The Center on Transition Innovations is housed within the Rehabilitation Research and Training Center (RRTC). Many of the research and demonstration projects conducted as part of the RRTC are also relevant to the goals of the Center on Transition Innovations. We want to make you aware of these projects because their results will be incorporated into the information and resources we develop.
VCU’s ACE-IT in College is an on-campus, college experience for students with intellectual disabilities, traumatic brain injury, or autism who are 18-26 years of age and earn a special diploma. This unique program is a collaborative effort between the VCU Rehabilitation Research and Training Center and the Partnership for People with Disabilities to expand the diversity of students on campus by working with individuals who are not typically provided postsecondary opportunities. Accepted students commit to a 30 month on-campus experience that concludes with a School of Education certificate. Features of the program include a selection of VCU courses; education and job coaches; internships, service learning, and work experiences; and opportunities for social networking and soft skill development. The ultimate outcome of the supported education model is to assist these students to become life-long learners and to obtain integrated, competitive employment.
An Investigation of STEM as a Viable Career Option for GI Bill Recipients with Disabilities
The purpose of this National Science Foundation funded project is to conduct an in-depth analysis of Science, Technology, Engineering, and Math (STEM) as a viable career option for GI Bill recipients with disabilities. Through our collaboration with the Virginia Department of Veterans Services State Approving Agency, administered an online survey to nearly 19,000 veterans and dependents using GI Bill benefits to attend public two- and four-year colleges and universities across the state. The project will contribute to the knowledge base by investigating the extent to which GI Bill recipients with disabilities are underrepresented in STEM, the impact of veteran and disability status on STEM learning, and the organizational factors that may lead to more equitable and inviting postsecondary STEM educational environments for GI Bill recipients with disabilities.

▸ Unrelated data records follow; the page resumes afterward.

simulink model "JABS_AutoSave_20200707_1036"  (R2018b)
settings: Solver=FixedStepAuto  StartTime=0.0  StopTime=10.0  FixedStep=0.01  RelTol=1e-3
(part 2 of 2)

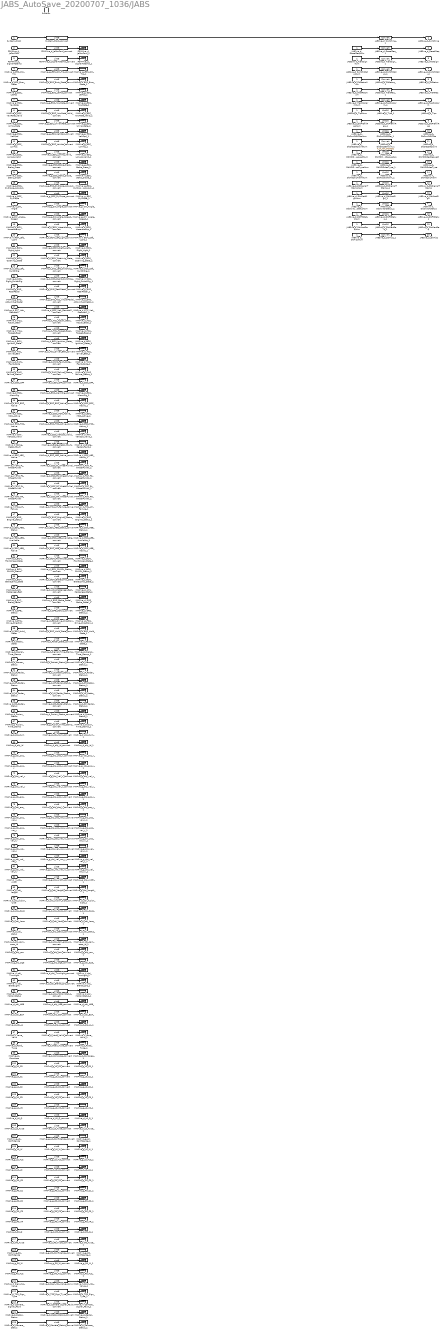
== system JABS_AutoSave_20200707_1036/JABS ==
  System_Clock : Inport  OutDataTypeStr=UInt16
  FDMMve_d_JaFcnConf : Inport  Port=2  OutDataTypeStr=UInt16
  FDMMve_d_SignalTStamp : Inport  Port=3  OutDataTypeStr=UInt16
  IMAPve_g_EPS_SW_Trq : Inport  Port=4  OutDataTypeStr=T_M_Nm_Float32
  IMAPve_d_EPS_Error_State : Inport  Port=5  OutDataTypeStr=UInt16
  IMAPve_g_ESC_LatAcc : Inport  Port=6  OutDataTypeStr=T_M_Nm_Float32
  IMAPve_g_ESC_YawRate : Inport  Port=7  OutDataTypeStr=T_M_Nm_Float32
  IMAPve_d_ESC_YawRate_Valid : Inport  Port=8  OutDataTypeStr=UInt16
  IMAPve_g_ESC_UnYawRate : Inport  Port=9  OutDataTypeStr=T_M_Nm_Float32
  IMAPve_g_ESC_VehSpd : Inport  Port=10  OutDataTypeStr=T_M_Nm_Float32
  IMAPve_g_ESC_LonAcc : Inport  Port=11  OutDataTypeStr=T_M_Nm_Float32
  IMAPve_d_ESC_LonAcc_Valid : Inport  Port=12  OutDataTypeStr=UInt16
  IMAPve_g_ESC_Brake_Press : Inport  Port=13  OutDataTypeStr=T_M_Nm_Float32
  IMAPve_g_ESC_Static_Slope : Inport  Port=14  OutDataTypeStr=T_M_Nm_Float32
  IMAPve_g_ESC_DySlope_Accuracy : Inport  Port=15  OutDataTypeStr=T_M_Nm_Float32
  IMAPve_g_ESC_DySlope : Inport  Port=16  OutDataTypeStr=T_M_Nm_Float32
  IMAPve_g_SW_Angle : Inport  Port=17  OutDataTypeStr=T_M_Nm_Float32
  IMAPve_g_SW_Angle_Speed : Inport  Port=18  OutDataTypeStr=T_M_Nm_Float32
  IMAPve_d_BCM_HazardLamp : Inport  Port=19  OutDataTypeStr=UInt16
  IMAPve_d_BCM_Left_Light : Inport  Port=20  OutDataTypeStr=UInt16
  IMAPve_d_BCM_Right_Light : Inport  Port=21  OutDataTypeStr=UInt16
  IMAPve_d_BCM_Opening_State : Inport  Port=22  OutDataTypeStr=UInt16
  IMAPve_d_SCC_Left_SwitchSig : Inport  Port=23  OutDataTypeStr=UInt16
  IMAPve_d_SCC_Right_SwitchSig : Inport  Port=24  OutDataTypeStr=UInt16
  IMAPve_g_EMS_RealPedal : Inport  Port=25  OutDataTypeStr=T_M_Nm_Float32
  IMAPve_g_EMS_ACC_VirtualPedal : Inport  Port=26  OutDataTypeStr=T_M_Nm_Float32
  IMAPve_d_ESC_Veh_Standstill : Inport  Port=27  OutDataTypeStr=UInt16
  IMAPve_d_TCU_Actual_Gear : Inport  Port=28  OutDataTypeStr=UInt16
  IMAPve_d_TCU_Target_Gear : Inport  Port=29  OutDataTypeStr=UInt16
  IMAPve_d_BCM_Ignition_State : Inport  Port=30  OutDataTypeStr=UInt16
  IMAPve_d_ACU_Driver_Belt : Inport  Port=31  OutDataTypeStr=UInt16
  IMAPve_d_SWS_Fault_Code : Inport  Port=32  OutDataTypeStr=UInt16
  IMAPve_d_SWS_Failure_Status : Inport  Port=33  OutDataTypeStr=UInt16
  IMAPve_d_ESC_OFF : Inport  Port=34  OutDataTypeStr=UInt16
  IMAPve_d_ESC_AlarmSig : Inport  Port=35  OutDataTypeStr=UInt16
  IMAPve_d_ESC_ESC_Active : Inport  Port=36  OutDataTypeStr=UInt16
  IMAPve_d_ESC_MSR_Active : Inport  Port=37  OutDataTypeStr=UInt16
  IMAPve_d_ESC_TCS_Active : Inport  Port=38  OutDataTypeStr=UInt16
  IMAPve_d_ESC_VehSpd_Valid : Inport  Port=39  OutDataTypeStr=UInt16
  IMAPve_d_Brake_Pedal_Fault : Inport  Port=40  OutDataTypeStr=UInt16
  IMAPve_d_ESC_ABS_Active : Inport  Port=41  OutDataTypeStr=UInt16
  IMAPve_d_ESC_FL_WheelPulVal : Inport  Port=42  OutDataTypeStr=UInt16
  IMAPve_d_ESC_FR_WheelPulVal : Inport  Port=43  OutDataTypeStr=UInt16
  IMAPve_d_ESC_RL_WheelPulVal : Inport  Port=44  OutDataTypeStr=UInt16
  IMAPve_d_ESC_RR_WheelPulVal : Inport  Port=45  OutDataTypeStr=UInt16
  IMAPve_d_TCU_AT_Failure : Inport  Port=46  OutDataTypeStr=UInt16
  IMAPve_d_EMS_Engine_Status : Inport  Port=47  OutDataTypeStr=UInt16
  IMAPve_d_ESC_AEB_Status : Inport  Port=48  OutDataTypeStr=UInt16
  IMAPve_d_ESC_AEB_Available : Inport  Port=49  OutDataTypeStr=UInt16
  IMAPve_d_ESC_AEB_Active : Inport  Port=50  OutDataTypeStr=UInt16
  IMAPve_d_BCM_FrontWiper_State : Inport  Port=51  OutDataTypeStr=UInt16
  IMAPve_d_BCM_CHMSL_Status : Inport  Port=52  OutDataTypeStr=UInt16
  IMAPve_d_BCM_BrakeLamp_State : Inport  Port=53  OutDataTypeStr=UInt16
  IMAPve_d_ACU_Passenger_Belt : Inport  Port=54  OutDataTypeStr=UInt16
  IMAPve_d_EMS_Brake_Pedal : Inport  Port=55  OutDataTypeStr=UInt16
  IMAPve_d_EPB_Status : Inport  Port=56  OutDataTypeStr=UInt16
  IMAPve_d_ESC_Drive_Direction : Inport  Port=57  OutDataTypeStr=UInt16
  IMAPve_d_ESC_Hold_State : Inport  Port=58  OutDataTypeStr=UInt16
  IMAPve_d_Radar_State : Inport  Port=59  OutDataTypeStr=UInt16
  IMAPve_d_Signal_Time_Stamp : Inport  Port=60  OutDataTypeStr=UInt16
  IMAPve_d_Sensor_Status : Inport  Port=61  OutDataTypeStr=UInt16
  IMAPve_d_LF_Radar_Status : Inport  Port=62  OutDataTypeStr=UInt16
  IMAPve_d_RF_Radar_Status : Inport  Port=63  OutDataTypeStr=UInt16
  IMAPve_d_LR_Radar_Status : Inport  Port=64  OutDataTypeStr=UInt16
  IMAPve_d_RR_Radar_Status : Inport  Port=65  OutDataTypeStr=UInt16
  IMAPve_d_Fusion_Status : Inport  Port=66  OutDataTypeStr=UInt16
  IMAPve_g_Fusion_Time_Stamp : Inport  Port=67  OutDataTypeStr=T_M_Nm_Float32
  IMAPve_d_obj_Num : Inport  Port=68  OutDataTypeStr=UInt16
  IMAPva_d_obj_id : Inport  Port=69  OutDataTypeStr=UInt16  PortDimensions=40
  IMAPva_g_obj_pos_x : Inport  Port=70  OutDataTypeStr=T_M_Nm_Float32  PortDimensions=40
  IMAPva_g_obj_pos_y : Inport  Port=71  OutDataTypeStr=T_M_Nm_Float32  PortDimensions=40
  IMAPva_g_obj_vel_x : Inport  Port=72  OutDataTypeStr=T_M_Nm_Float32  PortDimensions=40
  IMAPva_g_obj_vel_y : Inport  Port=73  OutDataTypeStr=T_M_Nm_Float32  PortDimensions=40
  IMAPva_g_obj_acc_x : Inport  Port=74  OutDataTypeStr=T_M_Nm_Float32  PortDimensions=40
  IMAPva_g_obj_acc_y : Inport  Port=75  OutDataTypeStr=T_M_Nm_Float32  PortDimensions=40
  IMAPva_g_obj_pos_var_x : Inport  Port=76  OutDataTypeStr=T_M_Nm_Float32  PortDimensions=40
  IMAPva_g_obj_pos_var_y : Inport  Port=77  OutDataTypeStr=T_M_Nm_Float32  PortDimensions=40
  IMAPva_g_obj_pos_var_xy : Inport  Port=78  OutDataTypeStr=T_M_Nm_Float32  PortDimensions=40
  IMAPva_g_obj_vel_var_x : Inport  Port=79  OutDataTypeStr=T_M_Nm_Float32  PortDimensions=40
  IMAPva_g_obj_vel_var_y : Inport  Port=80  OutDataTypeStr=T_M_Nm_Float32  PortDimensions=40
  IMAPva_g_obj_vel_var_xy : Inport  Port=81  OutDataTypeStr=T_M_Nm_Float32  PortDimensions=40
  IMAPva_g_obj_width : Inport  Port=82  OutDataTypeStr=T_M_Nm_Float32  PortDimensions=40
  IMAPva_g_obj_length : Inport  Port=83  OutDataTypeStr=T_M_Nm_Float32  PortDimensions=40
  IMAPva_d_obj_fusion_type : Inport  Port=84  OutDataTypeStr=UInt16  PortDimensions=40
  IMAPva_d_obj_class : Inport  Port=85  OutDataTypeStr=UInt16  PortDimensions=40
  IMAPva_d_obj_lane : Inport  Port=86  OutDataTypeStr=UInt16  PortDimensions=40
  IMAPva_d_obj_status : Inport  Port=87  OutDataTypeStr=UInt16  PortDimensions=40
  IMAPva_d_obj_cam_asso_id : Inport  Port=88  OutDataTypeStr=UInt16  PortDimensions=40
  IMAPva_g_obj_con : Inport  Port=89  OutDataTypeStr=T_M_Nm_Float32  PortDimensions=40
  IMAPva_g_obj_age : Inport  Port=90  OutDataTypeStr=T_M_Nm_Float32  PortDimensions=40
  IMAPva_d_obj_TurnLight : Inport  Port=91  OutDataTypeStr=UInt16  PortDimensions=40
  IMAPva_d_obj_BrakeLight : Inport  Port=92  OutDataTypeStr=UInt16  PortDimensions=40
  IMAPva_d_obj_MotionStatus : Inport  Port=93  OutDataTypeStr=UInt16  PortDimensions=40
  IMAPva_d_obj_AEB : Inport  Port=94  OutDataTypeStr=UInt16  PortDimensions=40
  IMAPva_d_obj_ESA : Inport  Port=95  OutDataTypeStr=UInt16  PortDimensions=40
  IMAPva_d_obj_JA : Inport  Port=96  OutDataTypeStr=UInt16  PortDimensions=40
  IMAPve_d_Lane_Valid : Inport  Port=97  OutDataTypeStr=UInt16
  IMAPve_d_Road_Type : Inport  Port=98  OutDataTypeStr=UInt16
  IMAPve_d_ConsArea : Inport  Port=99  OutDataTypeStr=UInt16
  IMAPve_g_L0_C0 : Inport  Port=100  OutDataTypeStr=T_M_Nm_Float32
  IMAPve_g_L0_C1 : Inport  Port=101  OutDataTypeStr=T_M_Nm_Float32
  IMAPve_g_L0_C2 : Inport  Port=102  OutDataTypeStr=T_M_Nm_Float32
  IMAPve_g_L0_C3 : Inport  Port=103  OutDataTypeStr=T_M_Nm_Float32
  IMAPve_g_L0_VR : Inport  Port=104  OutDataTypeStr=T_M_Nm_Float32
  IMAPve_d_L0_Q : Inport  Port=105  OutDataTypeStr=UInt16
  IMAPve_d_L0_Type : Inport  Port=106  OutDataTypeStr=UInt16
  IMAPve_g_L0_Confidence : Inport  Port=107  OutDataTypeStr=T_M_Nm_Float32
  IMAPve_g_L0_W : Inport  Port=108  OutDataTypeStr=T_M_Nm_Float32
  IMAPve_g_L0_TLC : Inport  Port=109  OutDataTypeStr=T_M_Nm_Float32
  IMAPve_d_L0_LC : Inport  Port=110  OutDataTypeStr=UInt16
  IMAPve_g_R0_C0 : Inport  Port=111  OutDataTypeStr=T_M_Nm_Float32
  IMAPve_g_R0_C1 : Inport  Port=112  OutDataTypeStr=T_M_Nm_Float32
  IMAPve_g_R0_C2 : Inport  Port=113  OutDataTypeStr=T_M_Nm_Float32
  IMAPve_g_R0_C3 : Inport  Port=114  OutDataTypeStr=T_M_Nm_Float32
  IMAPve_g_R0_VR : Inport  Port=115  OutDataTypeStr=T_M_Nm_Float32
  IMAPve_d_R0_Q : Inport  Port=116  OutDataTypeStr=UInt16
  IMAPve_d_R0_Type : Inport  Port=117  OutDataTypeStr=UInt16
  IMAPve_g_R0_Confidence : Inport  Port=118  OutDataTypeStr=T_M_Nm_Float32
  IMAPve_g_R0_W : Inport  Port=119  OutDataTypeStr=T_M_Nm_Float32
  IMAPve_g_R0_TLC : Inport  Port=120  OutDataTypeStr=T_M_Nm_Float32
  IMAPve_d_Sign_ISA_Value : Inport  Port=121  OutDataTypeStr=UInt16
  IMAPve_d_TSR_Sign_Type : Inport  Port=122  OutDataTypeStr=UInt16
  IMAPve_d_Camera_Signal_Fault : Inport  Port=123  OutDataTypeStr=UInt16
  IMAPve_d_Radar_Status : Inport  Port=124  OutDataTypeStr=UInt16
  IMAPve_d_Camera_Status : Inport  Port=125  OutDataTypeStr=UInt16
  function : TriggerPort  TriggerType=function-call  VariantControl=Variant  SampleTimeType=periodic  SampleTime=-1
  FDMMve_d_JaFcnConf_1 : Terminator
  FDMMve_d_JaFcnConf_convert : DataTypeConversion  OutDataTypeStr=uint8
  FDMMve_d_SignalTStamp_1 : Terminator
  FDMMve_d_SignalTStamp_convert : DataTypeConversion  OutDataTypeStr=uint8
  IMAPva_d_obj_AEB_1 : Terminator
  IMAPva_d_obj_AEB_convert : DataTypeConversion  OutDataTypeStr=uint8
  IMAPva_d_obj_BrakeLight_1 : Terminator
  IMAPva_d_obj_BrakeLight_convert : DataTypeConversion  OutDataTypeStr=uint8
  IMAPva_d_obj_ESA_1 : Terminator
  IMAPva_d_obj_ESA_convert : DataTypeConversion  OutDataTypeStr=uint8
  IMAPva_d_obj_JA_1 : Terminator
  IMAPva_d_obj_JA_convert : DataTypeConversion  OutDataTypeStr=uint8
  IMAPva_d_obj_MotionStatus_1 : Terminator
  IMAPva_d_obj_MotionStatus_convert : DataTypeConversion  OutDataTypeStr=uint8
  IMAPva_d_obj_TurnLight_1 : Terminator
  IMAPva_d_obj_TurnLight_convert : DataTypeConversion  OutDataTypeStr=uint8
  IMAPva_d_obj_cam_asso_id_1 : Terminator
  IMAPva_d_obj_cam_asso_id_convert : DataTypeConversion  OutDataTypeStr=uint8
  IMAPva_d_obj_class_1 : Terminator
  IMAPva_d_obj_class_convert : DataTypeConversion  OutDataTypeStr=uint8
  IMAPva_d_obj_fusion_type_1 : Terminator
  IMAPva_d_obj_fusion_type_convert : DataTypeConversion  OutDataTypeStr=uint8
  IMAPva_d_obj_id_1 : Terminator
  IMAPva_d_obj_id_convert : DataTypeConversion  OutDataTypeStr=uint8
  IMAPva_d_obj_lane_1 : Terminator
  IMAPva_d_obj_lane_convert : DataTypeConversion  OutDataTypeStr=uint8
  IMAPva_d_obj_status_1 : Terminator
  IMAPva_d_obj_status_convert : DataTypeConversion  OutDataTypeStr=uint8
  IMAPva_g_obj_acc_x_1 : Terminator
  IMAPva_g_obj_acc_x_convert : DataTypeConversion  OutDataTypeStr=uint8
  IMAPva_g_obj_acc_y_1 : Terminator
  IMAPva_g_obj_acc_y_convert : DataTypeConversion  OutDataTypeStr=uint8
  IMAPva_g_obj_age_1 : Terminator
  IMAPva_g_obj_age_convert : DataTypeConversion  OutDataTypeStr=uint8
  IMAPva_g_obj_con_1 : Terminator
  IMAPva_g_obj_con_convert : DataTypeConversion  OutDataTypeStr=uint8
  IMAPva_g_obj_length_1 : Terminator
  IMAPva_g_obj_length_convert : DataTypeConversion  OutDataTypeStr=uint8
  IMAPva_g_obj_pos_var_x_1 : Terminator
  IMAPva_g_obj_pos_var_x_convert : DataTypeConversion  OutDataTypeStr=uint8
  IMAPva_g_obj_pos_var_xy_1 : Terminator
  IMAPva_g_obj_pos_var_xy_convert : DataTypeConversion  OutDataTypeStr=uint8
  IMAPva_g_obj_pos_var_y_1 : Terminator
  IMAPva_g_obj_pos_var_y_convert : DataTypeConversion  OutDataTypeStr=uint8
  IMAPva_g_obj_pos_x_1 : Terminator
  IMAPva_g_obj_pos_x_convert : DataTypeConversion  OutDataTypeStr=uint8
  IMAPva_g_obj_pos_y_1 : Terminator
  IMAPva_g_obj_pos_y_convert : DataTypeConversion  OutDataTypeStr=uint8
  IMAPva_g_obj_vel_var_x_1 : Terminator
  IMAPva_g_obj_vel_var_x_convert : DataTypeConversion  OutDataTypeStr=uint8
  IMAPva_g_obj_vel_var_xy_1 : Terminator
  IMAPva_g_obj_vel_var_xy_convert : DataTypeConversion  OutDataTypeStr=uint8
  IMAPva_g_obj_vel_var_y_1 : Terminator
  IMAPva_g_obj_vel_var_y_convert : DataTypeConversion  OutDataTypeStr=uint8
  IMAPva_g_obj_vel_x_1 : Terminator
  IMAPva_g_obj_vel_x_convert : DataTypeConversion  OutDataTypeStr=uint8
  IMAPva_g_obj_vel_y_1 : Terminator
  IMAPva_g_obj_vel_y_convert : DataTypeConversion  OutDataTypeStr=uint8
  IMAPva_g_obj_width_1 : Terminator
  IMAPva_g_obj_width_convert : DataTypeConversion  OutDataTypeStr=uint8
  IMAPve_d_ACU_Driver_Belt_1 : Terminator
  IMAPve_d_ACU_Driver_Belt_convert : DataTypeConversion  OutDataTypeStr=uint8
  IMAPve_d_ACU_Passenger_Belt_1 : Terminator
  IMAPve_d_ACU_Passenger_Belt_convert : DataTypeConversion  OutDataTypeStr=uint8
  IMAPve_d_BCM_BrakeLamp_State_1 : Terminator
  IMAPve_d_BCM_BrakeLamp_State_convert : DataTypeConversion  OutDataTypeStr=uint8
  IMAPve_d_BCM_CHMSL_Status_1 : Terminator
  IMAPve_d_BCM_CHMSL_Status_convert : DataTypeConversion  OutDataTypeStr=uint8
  IMAPve_d_BCM_FrontWiper_State_1 : Terminator
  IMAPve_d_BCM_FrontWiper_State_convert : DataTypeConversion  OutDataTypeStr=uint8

Collaborative Career Planning for College Students with ASD is a resource for Vocational Rehabilitation and postsecondary education professionals to obtain information to support the development of collaborative career planning processes for college students with ASD. Each module contains practical information and strategies for meeting the educational and career development needs of college students with ASD, tips for collaborating, and links to online resources. Through video clips and interview quotes, information is provided from college students with ASD, Vocational Rehabilitation, Disability Support Services, and Career Center professionals who share their experiences and recommendations for collaboration.
The Going to College website provides information about living college life with a disability. It is designed for high school students and contains video clips, activities, and additional resources that can help college students with a disability get a head start in planning for college. The site has several videos of college students with disabilities from across Virginia, providing a way for students to hear firsthand from other students with disabilities who have been successful.
Project Achieve is a three year grant funded research project that provides specialized services to female student veterans with Traumatic Brain Injury (TBI) and/or Spinal Cord Injury (SCI). Specialized services consist of using Cognitive Support Technology through iPads and individualized apps, a peer mentoring program, individualized case management and vocational rehabilitation, and assistance with job placement and maintenance.
Project College Success is a grant studying mental health and community college students in Virginia. This project will take place over two and one half years with a variety of stakeholders assisting in the creation of the statewide survey and dissemination of findings.
School Based Supported Employment Fidelity Scale
VCU’s Rehabilitation Research & Training Center developed a School-Based Supported Employment Fidelity Scale which consists of 14 critical components rated on a five point continuum to explore the transition process and the supported employment supports available to students with disabilities in secondary schools.
Established in 1983, the Virginia Commonwealth University RRTC provides resources for professionals, individuals with disabilities, and their representatives. Our team of nationally and internationally renowned researchers is committed to developing and advancing evidence-based practices to increase the hiring and retention for individuals with disabilities.